Body insulin resistance is associated with increased stroke risk, but the effect has not been adequately examined separately in White and Black populations. Therefore, Dr. George Howard, professor in the department of biostatistics at the University of Alabama at Birmingham—along with department colleague Dr. Suzanne E. Judd, associate professor, as well as Dr. Virginia J. Howard, professor in the department of epidemiology—assessed the association of baseline insulin resistance with risk of cerebral infarction (CI) and intracerebral hemorrhage (ICH) in 12,366 White and 6,782 Black participants (recruited between 2003 and 2007 and followed for an average of 5.7 years) from the REasons for Geographic And Racial Differences in Stroke (REGARDS) cohort.
[Photo: Dr.
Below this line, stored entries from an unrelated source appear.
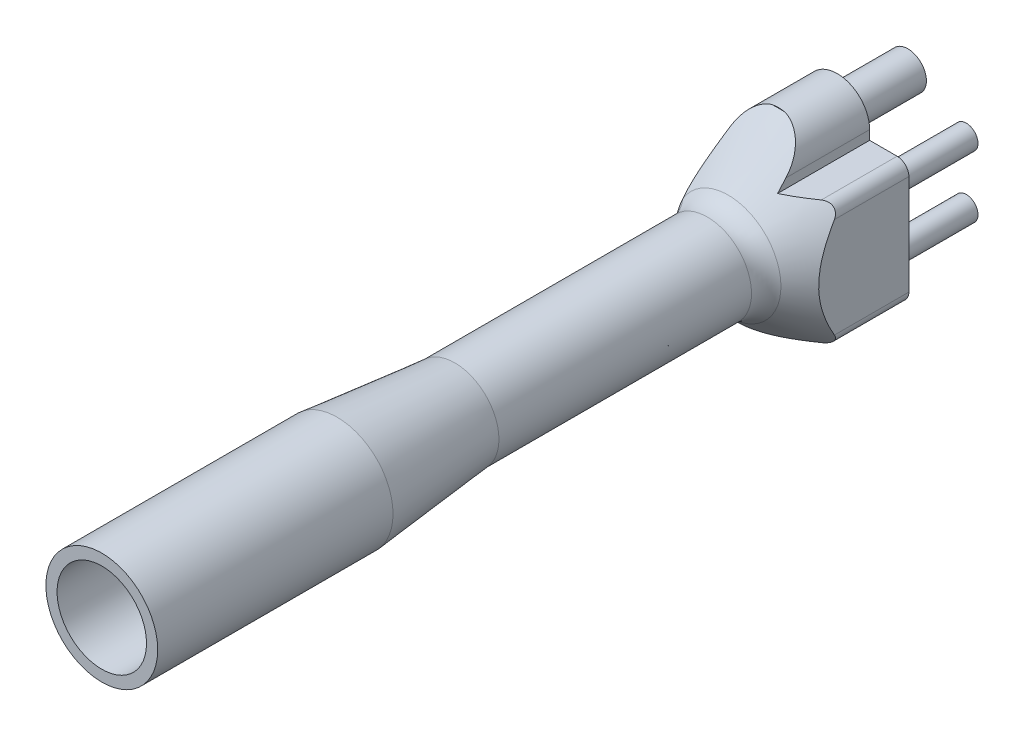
ISO-10303-21;
HEADER;
FILE_DESCRIPTION(('STEP AP214'),'2;1');
FILE_NAME('part.step','',(''),(''),'','','');
FILE_SCHEMA(('AUTOMOTIVE_DESIGN { 1 0 10303 214 1 1 1 1 }'));
ENDSEC;
DATA;
#1=APPLICATION_CONTEXT('core data for automotive mechanical design processes');
#2=APPLICATION_PROTOCOL_DEFINITION('international standard','automotive_design',2000,#1);
#3=PRODUCT_CONTEXT('',#1,'mechanical');
#4=PRODUCT('Part','Part','',(#3));
#5=PRODUCT_RELATED_PRODUCT_CATEGORY('part','',(#4));
#6=PRODUCT_DEFINITION_FORMATION('','',#4);
#7=PRODUCT_DEFINITION_CONTEXT('part definition',#1,'design');
#8=PRODUCT_DEFINITION('design','',#6,#7);
#9=PRODUCT_DEFINITION_SHAPE('','',#8);
#10=(LENGTH_UNIT() NAMED_UNIT(*) SI_UNIT(.MILLI.,.METRE.));
#11=(NAMED_UNIT(*) PLANE_ANGLE_UNIT() SI_UNIT($,.RADIAN.));
#12=(NAMED_UNIT(*) SI_UNIT($,.STERADIAN.) SOLID_ANGLE_UNIT());
#13=UNCERTAINTY_MEASURE_WITH_UNIT(LENGTH_MEASURE(1.E-05),#10,'distance_accuracy_value','');
#14=(GEOMETRIC_REPRESENTATION_CONTEXT(3) GLOBAL_UNCERTAINTY_ASSIGNED_CONTEXT((#13)) GLOBAL_UNIT_ASSIGNED_CONTEXT((#10,
#11,#12)) REPRESENTATION_CONTEXT('',''));
#15=CARTESIAN_POINT('',(0.,0.,0.));
#16=DIRECTION('',(0.,0.,1.));
#17=DIRECTION('',(1.,0.,0.));
#18=AXIS2_PLACEMENT_3D('',#15,#16,#17);
#19=CARTESIAN_POINT('',(0.,0.,125.));
#20=DIRECTION('',(0.,0.,-1.));
#21=DIRECTION('',(-1.,0.,0.));
#22=AXIS2_PLACEMENT_3D('',#19,#20,#21);
#23=CYLINDRICAL_SURFACE('',#22,7.5);
#24=CARTESIAN_POINT('',(0.,0.,65.));
#25=DIRECTION('',(0.,0.,1.));
#26=DIRECTION('',(1.,0.,0.));
#27=AXIS2_PLACEMENT_3D('',#24,#25,#26);
#28=CIRCLE('',#27,7.5);
#29=CARTESIAN_POINT('',(7.5,0.,65.));
#30=VERTEX_POINT('',#29);
#31=EDGE_CURVE('E333',#30,#30,#28,.T.);
#32=ORIENTED_EDGE('',*,*,#31,.F.);
#33=EDGE_LOOP('',(#32));
#34=FACE_BOUND('',#33,.T.);
#35=CARTESIAN_POINT('',(0.,0.,22.0710678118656));
#36=DIRECTION('',(0.,0.,1.));
#37=DIRECTION('',(1.,0.,0.));
#38=AXIS2_PLACEMENT_3D('',#35,#36,#37);
#39=CIRCLE('',#38,7.5);
#40=CARTESIAN_POINT('',(-6.30688504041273,-4.05871914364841,22.0710678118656));
#41=VERTEX_POINT('',#40);
#42=CARTESIAN_POINT('',(-6.47395906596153,3.78653588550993,22.0710678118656));
#43=VERTEX_POINT('',#42);
#44=EDGE_CURVE('E315',#41,#43,#39,.T.);
#45=ORIENTED_EDGE('',*,*,#44,.T.);
#46=CARTESIAN_POINT('',(-5.77299968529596,4.78774212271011,22.0124920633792));
#47=CARTESIAN_POINT('',(-5.87457917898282,4.66525883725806,19.6019201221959));
#48=CARTESIAN_POINT('',(-7.39453584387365,5.7973350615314,18.1038170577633));
#49=CARTESIAN_POINT('',(-5.8383342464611,4.70896666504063,22.0237574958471));
#50=CARTESIAN_POINT('',(-5.92510738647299,4.60094988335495,19.6437087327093));
#51=CARTESIAN_POINT('',(-7.4221893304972,5.6949909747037,18.1451944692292));
#52=CARTESIAN_POINT('',(-5.90209692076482,4.62879684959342,22.033072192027));
#53=CARTESIAN_POINT('',(-5.97603409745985,4.53416342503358,19.683439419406));
#54=CARTESIAN_POINT('',(-7.45010655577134,5.59167080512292,18.1854560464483));
#55=CARTESIAN_POINT('',(-6.02631754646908,4.46586797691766,22.0483240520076));
#56=CARTESIAN_POINT('',(-6.07780764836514,4.39600396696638,19.7585436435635));
#57=CARTESIAN_POINT('',(-7.50649017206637,5.38299803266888,18.2634489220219));
#58=CARTESIAN_POINT('',(-6.0867766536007,4.38310984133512,22.0542624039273));
#59=CARTESIAN_POINT('',(-6.12866993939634,4.32463350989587,19.793950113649));
#60=CARTESIAN_POINT('',(-7.53495636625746,5.27764615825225,18.3011811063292));
#61=CARTESIAN_POINT('',(-6.20368283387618,4.21599514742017,22.0632471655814));
#62=CARTESIAN_POINT('',(-6.22926990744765,4.1780297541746,19.8601317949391));
#63=CARTESIAN_POINT('',(-7.5921889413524,5.06583143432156,18.3734796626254));
#64=CARTESIAN_POINT('',(-6.2601642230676,4.13166313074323,22.0663221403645));
#65=CARTESIAN_POINT('',(-6.27903087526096,4.1028408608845,19.8909777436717));
#66=CARTESIAN_POINT('',(-7.62094939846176,4.95939050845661,18.408074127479));
#67=CARTESIAN_POINT('',(-6.36967569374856,3.96074959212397,22.0702330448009));
#68=CARTESIAN_POINT('',(-6.37741314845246,3.94805322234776,19.948527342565));
#69=CARTESIAN_POINT('',(-7.67906382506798,4.74431209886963,18.4741927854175));
#70=CARTESIAN_POINT('',(-6.42270498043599,3.87416755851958,22.071068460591));
#71=CARTESIAN_POINT('',(-6.42605708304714,3.86844160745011,19.9752569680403));
#72=CARTESIAN_POINT('',(-7.70841792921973,4.63567411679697,18.5057162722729));
#73=CARTESIAN_POINT('',(-6.57528322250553,3.61329690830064,22.0710665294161));
#74=CARTESIAN_POINT('',(-6.56816431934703,3.62545801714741,20.048659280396));
#75=CARTESIAN_POINT('',(-7.79671223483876,4.30890157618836,18.594477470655));
#76=CARTESIAN_POINT('',(-6.66966966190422,3.43595580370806,22.0677977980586));
#77=CARTESIAN_POINT('',(-6.65961509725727,3.45530595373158,20.0896915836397));
#78=CARTESIAN_POINT('',(-7.85654151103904,4.08747659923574,18.6467515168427));
#79=CARTESIAN_POINT('',(-6.8439405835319,3.07421609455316,22.0592716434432));
#80=CARTESIAN_POINT('',(-6.83205083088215,3.10040954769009,20.1564977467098));
#81=CARTESIAN_POINT('',(-7.97837205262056,3.63658822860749,18.734914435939));
#82=CARTESIAN_POINT('',(-6.92381876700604,2.88981446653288,22.0540133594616));
#83=CARTESIAN_POINT('',(-6.9132507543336,2.91538984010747,20.1824066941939));
#84=CARTESIAN_POINT('',(-8.04037424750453,3.40712139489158,18.7707962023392));
#85=CARTESIAN_POINT('',(-7.03307478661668,2.60698265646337,22.0475275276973));
#86=CARTESIAN_POINT('',(-7.02548321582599,2.62754265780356,20.2105434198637));
#87=CARTESIAN_POINT('',(-8.13515554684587,3.05634083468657,18.8105206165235));
#88=CARTESIAN_POINT('',(-7.06802546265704,2.51067939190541,22.045587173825));
#89=CARTESIAN_POINT('',(-7.06160746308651,2.52887358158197,20.218161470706));
#90=CARTESIAN_POINT('',(-8.16737453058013,2.93710008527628,18.8214479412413));
#91=CARTESIAN_POINT('',(-7.13395673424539,2.31671138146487,22.042543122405));
#92=CARTESIAN_POINT('',(-7.12990255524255,2.32932525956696,20.2296676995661));
#93=CARTESIAN_POINT('',(-8.23205242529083,2.69773062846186,18.8380632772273));
#94=CARTESIAN_POINT('',(-7.16493729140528,2.21904662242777,22.0414394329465));
#95=CARTESIAN_POINT('',(-7.16209733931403,2.22838884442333,20.2335627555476));
#96=CARTESIAN_POINT('',(-8.264511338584,2.57760191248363,18.843751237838));
#97=CARTESIAN_POINT('',(-7.22286394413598,2.02255397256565,22.0402821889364));
#98=CARTESIAN_POINT('',(-7.22222602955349,2.02500881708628,20.2376614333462));
#99=CARTESIAN_POINT('',(-8.32951498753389,2.33702685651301,18.8497366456));
#100=CARTESIAN_POINT('',(-7.24981106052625,1.92372638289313,22.0402283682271));
#101=CARTESIAN_POINT('',(-7.25018069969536,1.92250437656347,20.2378684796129));
#102=CARTESIAN_POINT('',(-8.36205969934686,2.21658060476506,18.8500354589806));
#103=CARTESIAN_POINT('',(-7.29963632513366,1.7250516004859,22.0411405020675));
#104=CARTESIAN_POINT('',(-7.30166277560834,1.71671916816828,20.2345974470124));
#105=CARTESIAN_POINT('',(-8.42707601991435,1.97595865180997,18.8452671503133));
#106=CARTESIAN_POINT('',(-7.3225144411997,1.62520439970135,22.0421064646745));
#107=CARTESIAN_POINT('',(-7.32520454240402,1.61337588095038,20.2311173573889));
#108=CARTESIAN_POINT('',(-8.45954762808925,1.855782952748,18.8401999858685));
#109=CARTESIAN_POINT('',(-7.34333589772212,1.52493209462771,22.0435674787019));
#110=CARTESIAN_POINT('',(-7.34642289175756,1.51006662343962,20.2257889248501));
#111=CARTESIAN_POINT('',(-8.49189886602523,1.73605273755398,18.8324603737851));
#112=(BOUNDED_SURFACE() B_SPLINE_SURFACE(3,2,((#46,#47,#48),(#49,#50,#51),(#52,#53,#54),(#55,
#56,#57),(#58,#59,#60),(#61,#62,#63),(#64,#65,#66),(#67,#68,#69),(#70,#71,#72),(#73,#74,#75),
(#76,#77,#78),(#79,#80,#81),(#82,#83,#84),(#85,#86,#87),(#88,#89,#90),(#91,#92,#93),(#94,#95,
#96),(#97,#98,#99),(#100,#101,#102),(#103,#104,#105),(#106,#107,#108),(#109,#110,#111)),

George Howard]
In this study, insulin resistance was measured with the homeostasis model assessment-insulin resistance. There were 364 incident CI and 41 incident ICH events. The risk for CI increased with the log of insulin resistance in whites but was largely attenuated by adjustment for stroke risk factors; there was no association in Blacks. After adjustment for demographic factors and risk factors, the researchers found that there was a significant difference by race in the association of insulin resistance with risk of ICH, with a decrease in the risk of ICH in Whites but a nonsignificant increase in Blacks.
The team concluded that these data support the growing evidence that insulin resistance may play a more important role in stroke risk among White than Black individuals and suggest a potentially discordant relationship of insulin resistance on CI and ICH among whites. “Racial Differences in the Association of Insulin Resistance With Stroke Risk: The REasons for Geographic And Racial Differences in Stroke (REGARDS) Study” was published in June 2014 in the journal Stroke.